I am trying to understand that the Euclidean norm $\|x\|_2 = \left(\sum|x_i|^2\right)^{1/2}$ is in fact a norm and having trouble with the triangle inequality.
All the proofs I have referred to involve the Cauchy-Schwarz inequality. But it seems that this inequality is proved in an inner product space, which has additional properties to a normed space.
So, my question is whether starting with any (possibly infinite dimensional) vector space over $\mathbb{C}$ and taking any algebraic basis for it, can the triangle inequality be proved for the Euclidean norm without making assumptions about an inner product or an orthonormal basis ?
(I don't think that infinite dimensionality should be a problem as any two vectors have finite representations in an algebraic basis).
Addendum after 2 answers and comments.
Can one take the Cauchy-Schwarz inequality "out of context" as an algebraic statement about two finite lists $(x_i) $ and $(y_i)$ and then apply it to the complex coefficients of any algebraic basis to say that $\sum \left|x_iy_i^*\right|\leq (\sum|x_i|^2)^{1/2} (\sum|y_i|^2)^{1/2}$ and then complete the proof of the triangle inequality ?
Best Answer
Hint:
Note that the Euclidean norm is a particular case of a $p$-norm and for these norms the triangle inequality can be proved using the Minkowky inequality.

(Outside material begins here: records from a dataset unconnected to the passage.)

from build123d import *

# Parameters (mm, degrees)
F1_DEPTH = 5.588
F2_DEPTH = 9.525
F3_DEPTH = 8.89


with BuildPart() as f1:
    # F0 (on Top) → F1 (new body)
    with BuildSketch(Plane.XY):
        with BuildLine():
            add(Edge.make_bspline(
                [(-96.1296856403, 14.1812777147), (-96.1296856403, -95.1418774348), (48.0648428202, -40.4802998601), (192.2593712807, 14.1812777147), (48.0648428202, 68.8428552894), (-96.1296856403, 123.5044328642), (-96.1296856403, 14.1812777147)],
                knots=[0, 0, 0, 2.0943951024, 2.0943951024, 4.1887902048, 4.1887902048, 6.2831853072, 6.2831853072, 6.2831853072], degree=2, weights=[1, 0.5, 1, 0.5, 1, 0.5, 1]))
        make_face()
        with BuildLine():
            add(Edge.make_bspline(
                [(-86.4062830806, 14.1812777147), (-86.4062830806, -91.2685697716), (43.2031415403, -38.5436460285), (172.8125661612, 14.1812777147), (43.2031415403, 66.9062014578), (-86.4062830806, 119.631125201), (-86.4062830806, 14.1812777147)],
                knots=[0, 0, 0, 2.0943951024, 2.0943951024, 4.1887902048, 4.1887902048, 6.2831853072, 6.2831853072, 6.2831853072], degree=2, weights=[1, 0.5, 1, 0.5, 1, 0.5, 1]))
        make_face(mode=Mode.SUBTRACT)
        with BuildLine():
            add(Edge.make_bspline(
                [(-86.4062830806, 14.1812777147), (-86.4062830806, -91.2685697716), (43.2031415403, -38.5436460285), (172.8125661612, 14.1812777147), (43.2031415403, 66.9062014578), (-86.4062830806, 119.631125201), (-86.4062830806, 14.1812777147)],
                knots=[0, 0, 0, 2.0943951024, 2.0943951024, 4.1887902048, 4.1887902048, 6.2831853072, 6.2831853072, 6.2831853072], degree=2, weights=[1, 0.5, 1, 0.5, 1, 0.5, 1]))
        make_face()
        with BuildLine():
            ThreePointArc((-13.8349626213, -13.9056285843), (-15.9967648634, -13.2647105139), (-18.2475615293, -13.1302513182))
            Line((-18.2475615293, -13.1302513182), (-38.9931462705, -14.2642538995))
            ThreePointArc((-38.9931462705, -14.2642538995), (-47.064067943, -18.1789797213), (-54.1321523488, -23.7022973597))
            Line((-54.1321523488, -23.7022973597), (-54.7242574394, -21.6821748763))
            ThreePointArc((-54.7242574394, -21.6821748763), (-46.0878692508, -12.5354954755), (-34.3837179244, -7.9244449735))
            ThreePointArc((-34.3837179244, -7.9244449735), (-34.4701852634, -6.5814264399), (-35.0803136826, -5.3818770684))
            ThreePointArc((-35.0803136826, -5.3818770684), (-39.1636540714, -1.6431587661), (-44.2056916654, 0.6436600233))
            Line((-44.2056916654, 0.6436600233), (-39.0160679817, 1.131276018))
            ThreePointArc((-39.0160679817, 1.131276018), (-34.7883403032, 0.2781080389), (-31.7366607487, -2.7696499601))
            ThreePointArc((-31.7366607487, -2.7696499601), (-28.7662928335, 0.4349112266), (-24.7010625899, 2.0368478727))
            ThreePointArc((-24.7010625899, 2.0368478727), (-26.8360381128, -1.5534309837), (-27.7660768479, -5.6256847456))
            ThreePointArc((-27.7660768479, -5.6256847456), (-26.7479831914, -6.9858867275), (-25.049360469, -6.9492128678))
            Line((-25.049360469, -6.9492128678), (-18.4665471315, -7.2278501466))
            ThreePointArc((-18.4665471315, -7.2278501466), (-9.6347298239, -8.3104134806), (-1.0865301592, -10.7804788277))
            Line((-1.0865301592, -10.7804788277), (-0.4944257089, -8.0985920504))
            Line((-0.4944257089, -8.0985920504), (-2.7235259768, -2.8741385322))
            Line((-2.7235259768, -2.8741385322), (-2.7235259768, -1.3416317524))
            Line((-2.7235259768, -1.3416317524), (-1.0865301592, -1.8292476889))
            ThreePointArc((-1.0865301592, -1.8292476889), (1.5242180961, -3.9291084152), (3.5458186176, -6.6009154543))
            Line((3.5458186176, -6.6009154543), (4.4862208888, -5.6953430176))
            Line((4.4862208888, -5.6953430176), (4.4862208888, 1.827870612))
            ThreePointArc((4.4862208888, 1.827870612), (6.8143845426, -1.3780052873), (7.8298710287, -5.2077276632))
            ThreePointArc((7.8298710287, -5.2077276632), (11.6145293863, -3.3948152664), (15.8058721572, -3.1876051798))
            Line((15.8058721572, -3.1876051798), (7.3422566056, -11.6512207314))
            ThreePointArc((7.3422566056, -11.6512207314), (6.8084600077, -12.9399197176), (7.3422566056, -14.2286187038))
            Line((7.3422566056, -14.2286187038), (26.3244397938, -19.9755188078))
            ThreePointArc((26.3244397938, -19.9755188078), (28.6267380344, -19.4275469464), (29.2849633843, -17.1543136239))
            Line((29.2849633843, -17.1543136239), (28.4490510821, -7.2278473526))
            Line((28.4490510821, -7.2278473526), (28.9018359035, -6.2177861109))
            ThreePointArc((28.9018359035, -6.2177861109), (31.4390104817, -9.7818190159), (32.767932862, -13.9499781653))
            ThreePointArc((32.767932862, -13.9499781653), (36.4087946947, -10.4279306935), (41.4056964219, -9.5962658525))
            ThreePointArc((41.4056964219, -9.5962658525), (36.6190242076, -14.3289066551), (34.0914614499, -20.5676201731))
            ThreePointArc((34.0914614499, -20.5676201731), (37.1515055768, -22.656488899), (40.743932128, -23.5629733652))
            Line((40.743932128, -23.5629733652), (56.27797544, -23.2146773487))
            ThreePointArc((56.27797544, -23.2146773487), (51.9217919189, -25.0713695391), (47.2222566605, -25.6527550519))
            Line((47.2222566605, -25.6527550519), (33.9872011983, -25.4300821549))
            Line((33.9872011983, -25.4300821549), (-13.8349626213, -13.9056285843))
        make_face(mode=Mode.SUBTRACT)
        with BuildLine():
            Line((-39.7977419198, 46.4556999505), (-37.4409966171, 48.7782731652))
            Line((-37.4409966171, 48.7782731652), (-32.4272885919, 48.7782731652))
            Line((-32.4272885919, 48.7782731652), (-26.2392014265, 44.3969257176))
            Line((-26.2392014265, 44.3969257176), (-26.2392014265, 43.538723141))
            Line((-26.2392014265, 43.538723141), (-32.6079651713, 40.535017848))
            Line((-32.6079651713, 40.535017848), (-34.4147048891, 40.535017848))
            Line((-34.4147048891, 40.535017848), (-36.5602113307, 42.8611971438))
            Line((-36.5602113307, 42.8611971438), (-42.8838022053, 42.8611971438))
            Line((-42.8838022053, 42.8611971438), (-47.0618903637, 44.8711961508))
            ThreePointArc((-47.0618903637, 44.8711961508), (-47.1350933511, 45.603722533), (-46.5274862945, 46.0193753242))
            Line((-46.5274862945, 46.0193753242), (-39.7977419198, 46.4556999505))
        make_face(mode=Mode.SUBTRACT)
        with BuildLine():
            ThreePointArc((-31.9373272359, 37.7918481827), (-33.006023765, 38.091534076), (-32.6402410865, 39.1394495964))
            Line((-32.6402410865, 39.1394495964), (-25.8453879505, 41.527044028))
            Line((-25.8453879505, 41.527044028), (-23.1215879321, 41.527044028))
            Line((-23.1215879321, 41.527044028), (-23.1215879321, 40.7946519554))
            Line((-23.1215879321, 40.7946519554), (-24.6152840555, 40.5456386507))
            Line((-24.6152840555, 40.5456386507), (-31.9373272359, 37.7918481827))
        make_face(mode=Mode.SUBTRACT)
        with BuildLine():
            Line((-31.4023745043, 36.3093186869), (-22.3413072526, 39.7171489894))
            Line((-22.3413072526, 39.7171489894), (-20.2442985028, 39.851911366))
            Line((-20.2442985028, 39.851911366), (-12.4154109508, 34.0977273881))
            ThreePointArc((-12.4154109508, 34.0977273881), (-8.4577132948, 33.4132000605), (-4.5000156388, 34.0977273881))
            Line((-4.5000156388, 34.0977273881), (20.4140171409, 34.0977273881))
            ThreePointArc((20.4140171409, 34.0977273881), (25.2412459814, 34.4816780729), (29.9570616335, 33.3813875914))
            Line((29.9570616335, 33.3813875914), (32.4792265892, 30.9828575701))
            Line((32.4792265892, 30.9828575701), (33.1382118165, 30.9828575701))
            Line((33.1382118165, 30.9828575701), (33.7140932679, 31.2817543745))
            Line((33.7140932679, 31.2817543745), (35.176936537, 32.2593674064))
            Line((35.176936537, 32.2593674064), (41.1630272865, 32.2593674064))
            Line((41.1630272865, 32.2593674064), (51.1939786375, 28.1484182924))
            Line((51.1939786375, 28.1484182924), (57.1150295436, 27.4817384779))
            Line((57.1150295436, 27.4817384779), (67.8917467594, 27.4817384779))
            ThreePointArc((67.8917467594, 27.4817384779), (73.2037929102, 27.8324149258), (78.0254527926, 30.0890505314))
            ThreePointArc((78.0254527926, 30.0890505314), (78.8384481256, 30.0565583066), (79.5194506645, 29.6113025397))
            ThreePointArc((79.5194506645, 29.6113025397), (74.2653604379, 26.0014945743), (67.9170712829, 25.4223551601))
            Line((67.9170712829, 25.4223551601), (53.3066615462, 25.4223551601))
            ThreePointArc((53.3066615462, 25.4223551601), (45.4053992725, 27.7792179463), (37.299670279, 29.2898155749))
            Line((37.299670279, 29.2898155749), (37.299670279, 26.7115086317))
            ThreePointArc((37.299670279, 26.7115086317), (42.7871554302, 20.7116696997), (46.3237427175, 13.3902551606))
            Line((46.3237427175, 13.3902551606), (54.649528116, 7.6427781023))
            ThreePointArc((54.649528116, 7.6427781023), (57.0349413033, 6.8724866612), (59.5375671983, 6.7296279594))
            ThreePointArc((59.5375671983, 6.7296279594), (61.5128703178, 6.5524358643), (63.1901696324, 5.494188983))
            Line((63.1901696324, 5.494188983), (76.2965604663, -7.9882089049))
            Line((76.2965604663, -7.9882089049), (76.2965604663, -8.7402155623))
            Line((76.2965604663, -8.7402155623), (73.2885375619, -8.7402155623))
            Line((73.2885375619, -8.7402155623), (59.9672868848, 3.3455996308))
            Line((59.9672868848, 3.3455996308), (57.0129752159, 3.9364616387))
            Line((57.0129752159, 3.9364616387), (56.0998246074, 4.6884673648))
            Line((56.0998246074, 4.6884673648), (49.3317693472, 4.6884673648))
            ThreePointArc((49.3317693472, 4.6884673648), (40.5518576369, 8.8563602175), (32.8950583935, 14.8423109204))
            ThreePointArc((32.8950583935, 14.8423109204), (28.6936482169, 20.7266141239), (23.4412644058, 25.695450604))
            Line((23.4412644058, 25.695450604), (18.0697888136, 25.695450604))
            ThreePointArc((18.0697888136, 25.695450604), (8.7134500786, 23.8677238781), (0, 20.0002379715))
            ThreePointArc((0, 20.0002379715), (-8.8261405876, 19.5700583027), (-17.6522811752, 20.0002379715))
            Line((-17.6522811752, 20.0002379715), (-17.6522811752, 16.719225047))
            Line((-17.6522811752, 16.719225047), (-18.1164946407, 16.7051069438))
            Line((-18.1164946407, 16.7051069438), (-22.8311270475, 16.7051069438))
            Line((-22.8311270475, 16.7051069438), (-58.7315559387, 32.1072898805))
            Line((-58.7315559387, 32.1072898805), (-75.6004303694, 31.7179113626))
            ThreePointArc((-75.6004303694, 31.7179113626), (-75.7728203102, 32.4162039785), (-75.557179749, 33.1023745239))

Anyway, the Euclidean norm is the only $p$-norm that satisfies the parallelogram identity ( see: Determining origin of norm), so it is coming from an inner product.
About the addendum.
In an $n$ dimensional real space we can prove the C-S inequality with simply algebraic methods (see here). So, yes, in this case we can proof the triangle inequality without explicitly using an inner product space.